Dataset entries
↓↓↓

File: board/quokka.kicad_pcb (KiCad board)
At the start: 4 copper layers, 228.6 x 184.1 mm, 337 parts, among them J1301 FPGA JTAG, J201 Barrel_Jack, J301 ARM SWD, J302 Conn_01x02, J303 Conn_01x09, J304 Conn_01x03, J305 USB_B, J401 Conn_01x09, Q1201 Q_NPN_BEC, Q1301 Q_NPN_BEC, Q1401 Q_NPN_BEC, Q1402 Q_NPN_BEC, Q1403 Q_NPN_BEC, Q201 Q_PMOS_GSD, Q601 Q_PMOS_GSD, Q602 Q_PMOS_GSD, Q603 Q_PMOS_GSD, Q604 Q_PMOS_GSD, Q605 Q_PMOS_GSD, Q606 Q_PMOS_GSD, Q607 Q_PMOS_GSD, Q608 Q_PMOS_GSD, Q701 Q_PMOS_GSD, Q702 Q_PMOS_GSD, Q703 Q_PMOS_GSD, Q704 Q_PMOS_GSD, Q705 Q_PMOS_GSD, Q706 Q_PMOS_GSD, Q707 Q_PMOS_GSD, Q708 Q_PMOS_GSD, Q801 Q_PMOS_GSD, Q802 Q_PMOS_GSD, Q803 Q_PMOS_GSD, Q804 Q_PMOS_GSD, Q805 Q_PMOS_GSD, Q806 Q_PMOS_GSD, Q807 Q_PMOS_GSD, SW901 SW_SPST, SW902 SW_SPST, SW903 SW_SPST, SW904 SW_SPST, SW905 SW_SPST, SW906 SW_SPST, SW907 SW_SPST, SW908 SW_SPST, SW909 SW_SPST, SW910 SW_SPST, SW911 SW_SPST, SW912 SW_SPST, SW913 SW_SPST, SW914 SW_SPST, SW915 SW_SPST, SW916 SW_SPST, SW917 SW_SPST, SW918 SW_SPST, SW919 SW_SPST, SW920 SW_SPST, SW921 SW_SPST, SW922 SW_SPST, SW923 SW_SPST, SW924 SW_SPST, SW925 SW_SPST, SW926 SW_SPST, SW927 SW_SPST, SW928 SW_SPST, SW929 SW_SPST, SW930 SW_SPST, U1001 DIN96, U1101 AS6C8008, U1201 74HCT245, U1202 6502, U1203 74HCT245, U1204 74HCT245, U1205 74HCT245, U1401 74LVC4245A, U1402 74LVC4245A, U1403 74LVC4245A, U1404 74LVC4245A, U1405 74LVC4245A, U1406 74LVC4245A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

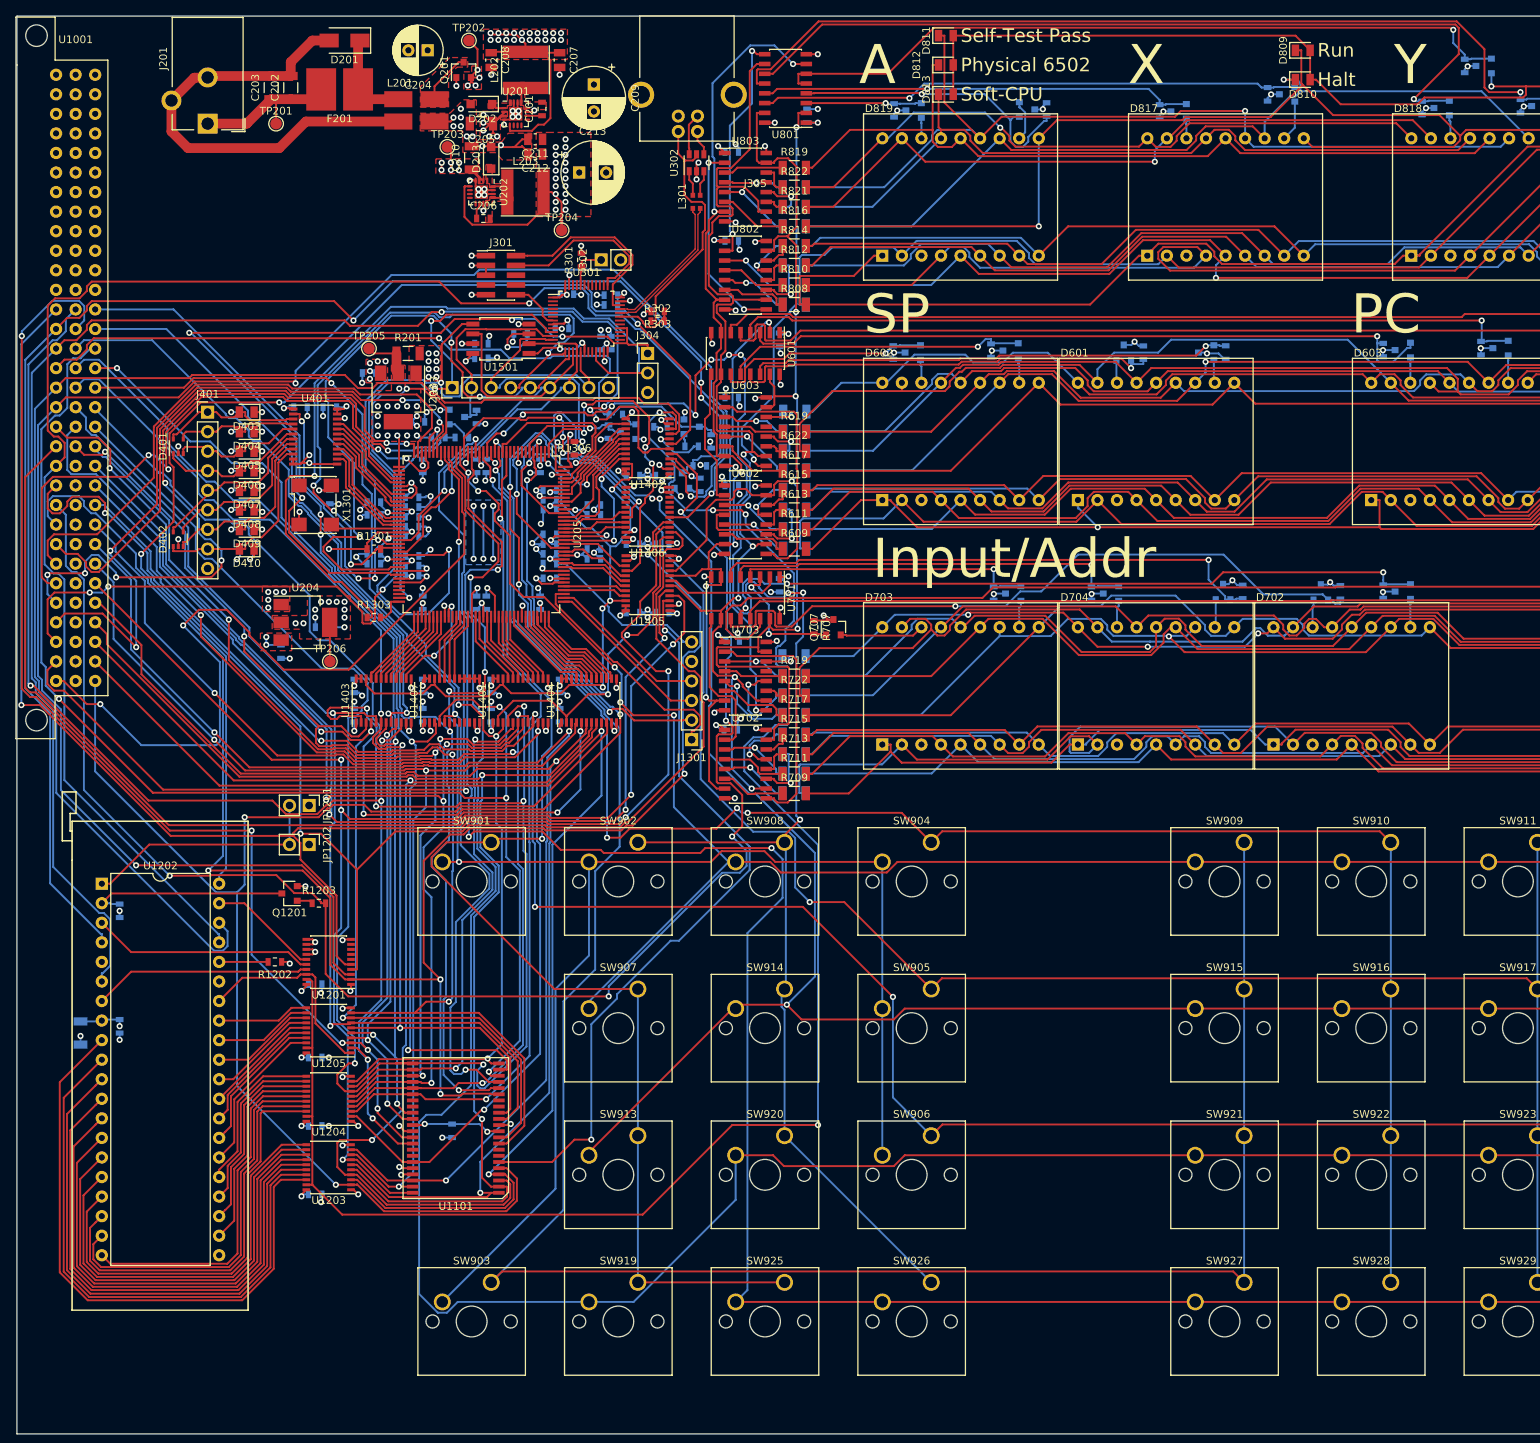
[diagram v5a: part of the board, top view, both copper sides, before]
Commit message: Cleaned up DRC violations
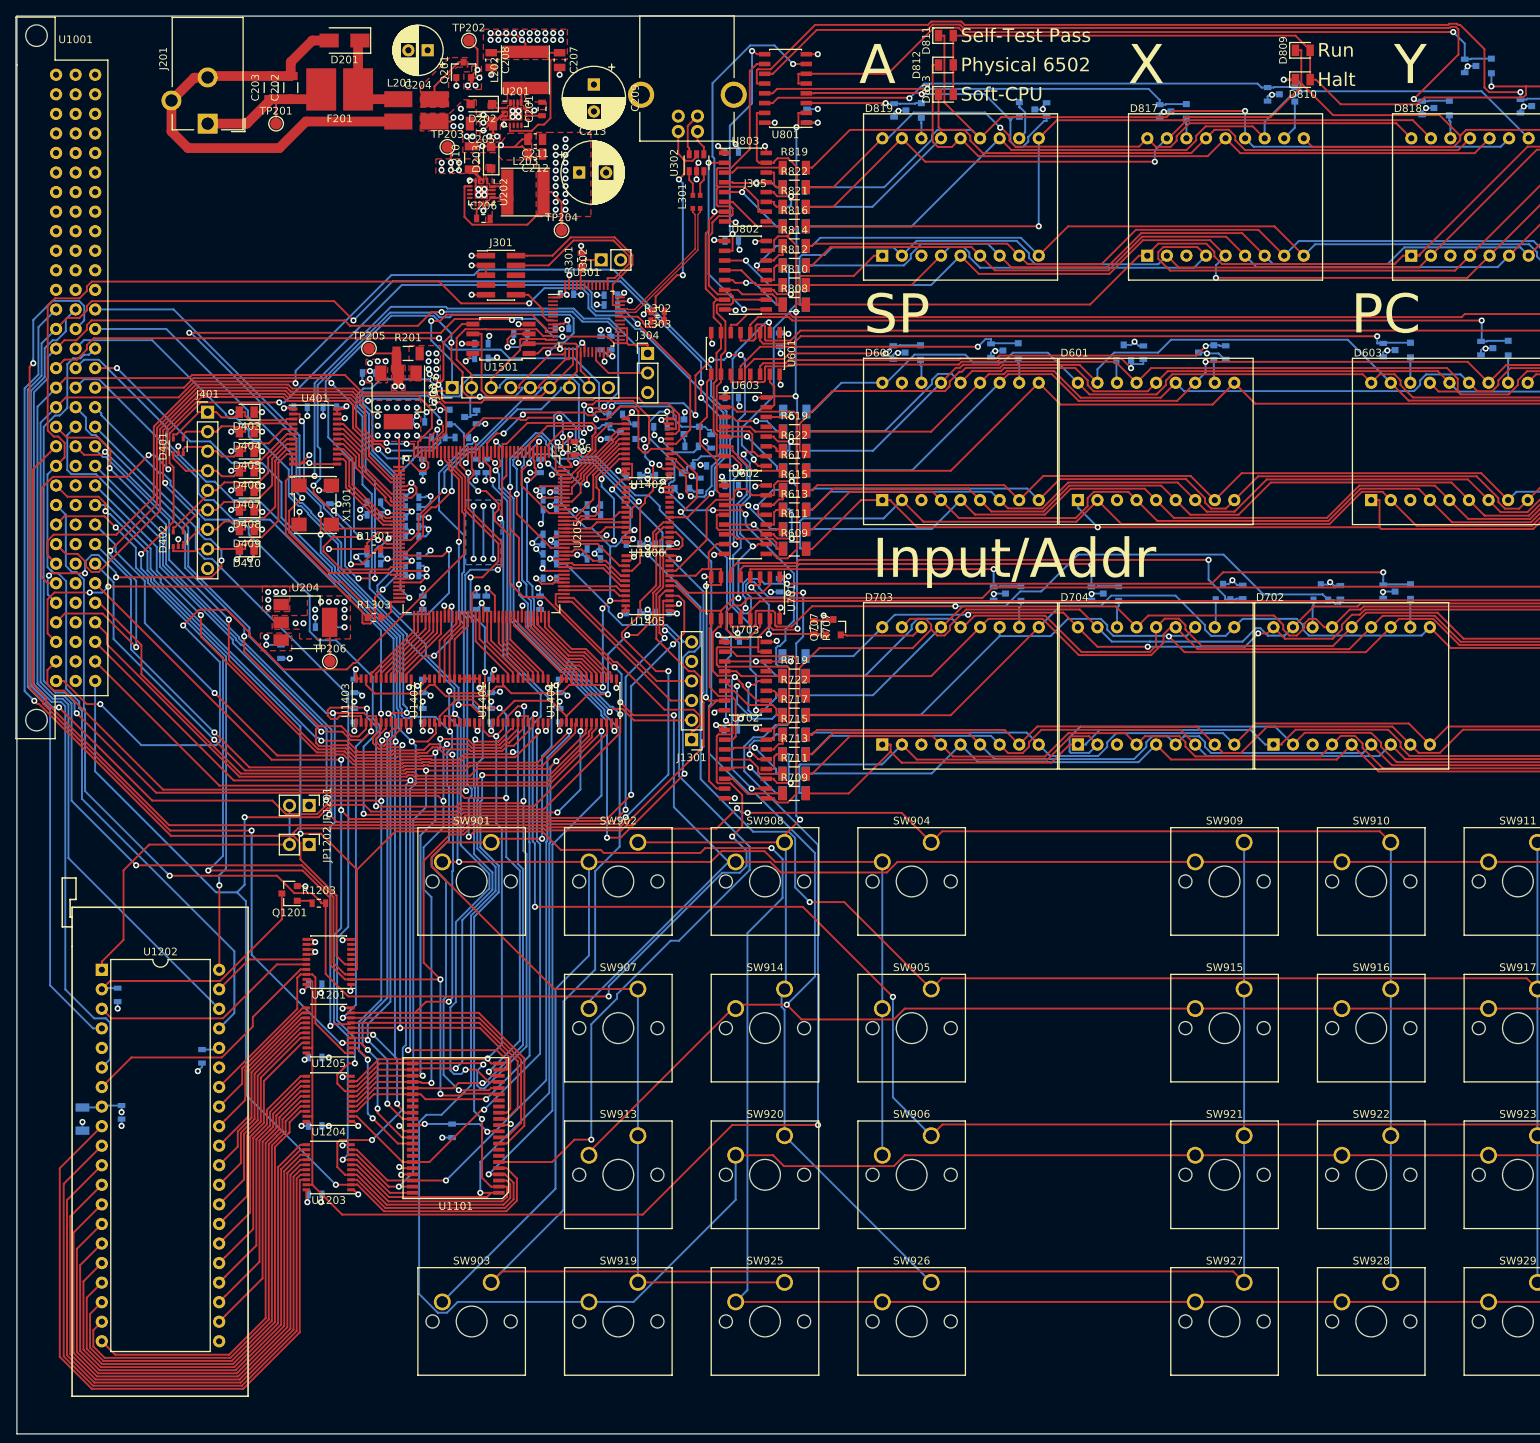
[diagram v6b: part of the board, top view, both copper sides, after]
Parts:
- R1202: moved to B.Cu
- moved R1202 15.5 mm to (184.7, 170.0), turned to 90 degrees
- moved C1202 11.2 mm to (174.2, 177.3)
- moved C1203 11.2 mm to (169.2, 178.2)
- moved U1202 11.2 mm to (171.7, 158.8)
- moved R1201 10.9 mm to (173.7, 162.1)
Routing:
- net /6502/6502_PHI0: track 213.3 -> 225.8 mm
- net /6502/6502_~NMI: track 195.2 -> 207.4 mm
- net /6502/6502_~IRQ: track 198.5 -> 210.0 mm
- net /6502/6502_~RES: track 157.4 -> 168.6 mm, vias 3 -> 4
- net /6502/A7: track 55.3 -> 66.0 mm
- net /6502/A6: track 58.7 -> 69.2 mm
- net Net-(JP1201-Pad2): track 31.6 -> 42.1 mm
- net /6502/A5: track 62.0 -> 72.5 mm
- net /6502/A4: track 65.3 -> 75.7 mm
- net /6502/D4: track 15.1 -> 25.5 mm
- net /6502/D5: track 17.1 -> 27.4 mm
- net /6502/A3: track 68.6 -> 79.0 mm
- net /6502/D6: track 19.0 -> 29.3 mm
- net /6502/D7: track 20.8 -> 31.1 mm
- net /6502/A2: track 72.0 -> 82.2 mm

↑↑↑

The preceding entries are to be written out again exactly, with the pictures removed.

File: board/quokka.kicad_pcb (KiCad board)
At the start: 4 copper layers, 228.6 x 184.1 mm, 337 parts, among them J1301 FPGA JTAG, J201 Barrel_Jack, J301 ARM SWD, J302 Conn_01x02, J303 Conn_01x09, J304 Conn_01x03, J305 USB_B, J401 Conn_01x09, Q1201 Q_NPN_BEC, Q1301 Q_NPN_BEC, Q1401 Q_NPN_BEC, Q1402 Q_NPN_BEC, Q1403 Q_NPN_BEC, Q201 Q_PMOS_GSD, Q601 Q_PMOS_GSD, Q602 Q_PMOS_GSD, Q603 Q_PMOS_GSD, Q604 Q_PMOS_GSD, Q605 Q_PMOS_GSD, Q606 Q_PMOS_GSD, Q607 Q_PMOS_GSD, Q608 Q_PMOS_GSD, Q701 Q_PMOS_GSD, Q702 Q_PMOS_GSD, Q703 Q_PMOS_GSD, Q704 Q_PMOS_GSD, Q705 Q_PMOS_GSD, Q706 Q_PMOS_GSD, Q707 Q_PMOS_GSD, Q708 Q_PMOS_GSD, Q801 Q_PMOS_GSD, Q802 Q_PMOS_GSD, Q803 Q_PMOS_GSD, Q804 Q_PMOS_GSD, Q805 Q_PMOS_GSD, Q806 Q_PMOS_GSD, Q807 Q_PMOS_GSD, SW901 SW_SPST, SW902 SW_SPST, SW903 SW_SPST, SW904 SW_SPST, SW905 SW_SPST, SW906 SW_SPST, SW907 SW_SPST, SW908 SW_SPST, SW909 SW_SPST, SW910 SW_SPST, SW911 SW_SPST, SW912 SW_SPST, SW913 SW_SPST, SW914 SW_SPST, SW915 SW_SPST, SW916 SW_SPST, SW917 SW_SPST, SW918 SW_SPST, SW919 SW_SPST, SW920 SW_SPST, SW921 SW_SPST, SW922 SW_SPST, SW923 SW_SPST, SW924 SW_SPST, SW925 SW_SPST, SW926 SW_SPST, SW927 SW_SPST, SW928 SW_SPST, SW929 SW_SPST, SW930 SW_SPST, U1001 DIN96, U1101 AS6C8008, U1201 74HCT245, U1202 6502, U1203 74HCT245, U1204 74HCT245, U1205 74HCT245, U1401 74LVC4245A, U1402 74LVC4245A, U1403 74LVC4245A, U1404 74LVC4245A, U1405 74LVC4245A, U1406 74LVC4245A

[diagram v5a: part of the board, top view, both copper sides, before]
Commit message: Cleaned up DRC violations
[diagram v6b: part of the board, top view, both copper sides, after]
Parts:
- R1202: moved to B.Cu
- moved R1202 15.5 mm to (184.7, 170.0), turned to 90 degrees
- moved C1202 11.2 mm to (174.2, 177.3)
- moved C1203 11.2 mm to (169.2, 178.2)
- moved U1202 11.2 mm to (171.7, 158.8)
- moved R1201 10.9 mm to (173.7, 162.1)
Routing:
- net /6502/6502_PHI0: track 213.3 -> 225.8 mm
- net /6502/6502_~NMI: track 195.2 -> 207.4 mm
- net /6502/6502_~IRQ: track 198.5 -> 210.0 mm
- net /6502/6502_~RES: track 157.4 -> 168.6 mm, vias 3 -> 4
- net /6502/A7: track 55.3 -> 66.0 mm
- net /6502/A6: track 58.7 -> 69.2 mm
- net Net-(JP1201-Pad2): track 31.6 -> 42.1 mm
- net /6502/A5: track 62.0 -> 72.5 mm
- net /6502/A4: track 65.3 -> 75.7 mm
- net /6502/D4: track 15.1 -> 25.5 mm
- net /6502/D5: track 17.1 -> 27.4 mm
- net /6502/A3: track 68.6 -> 79.0 mm
- net /6502/D6: track 19.0 -> 29.3 mm
- net /6502/D7: track 20.8 -> 31.1 mm
- net /6502/A2: track 72.0 -> 82.2 mm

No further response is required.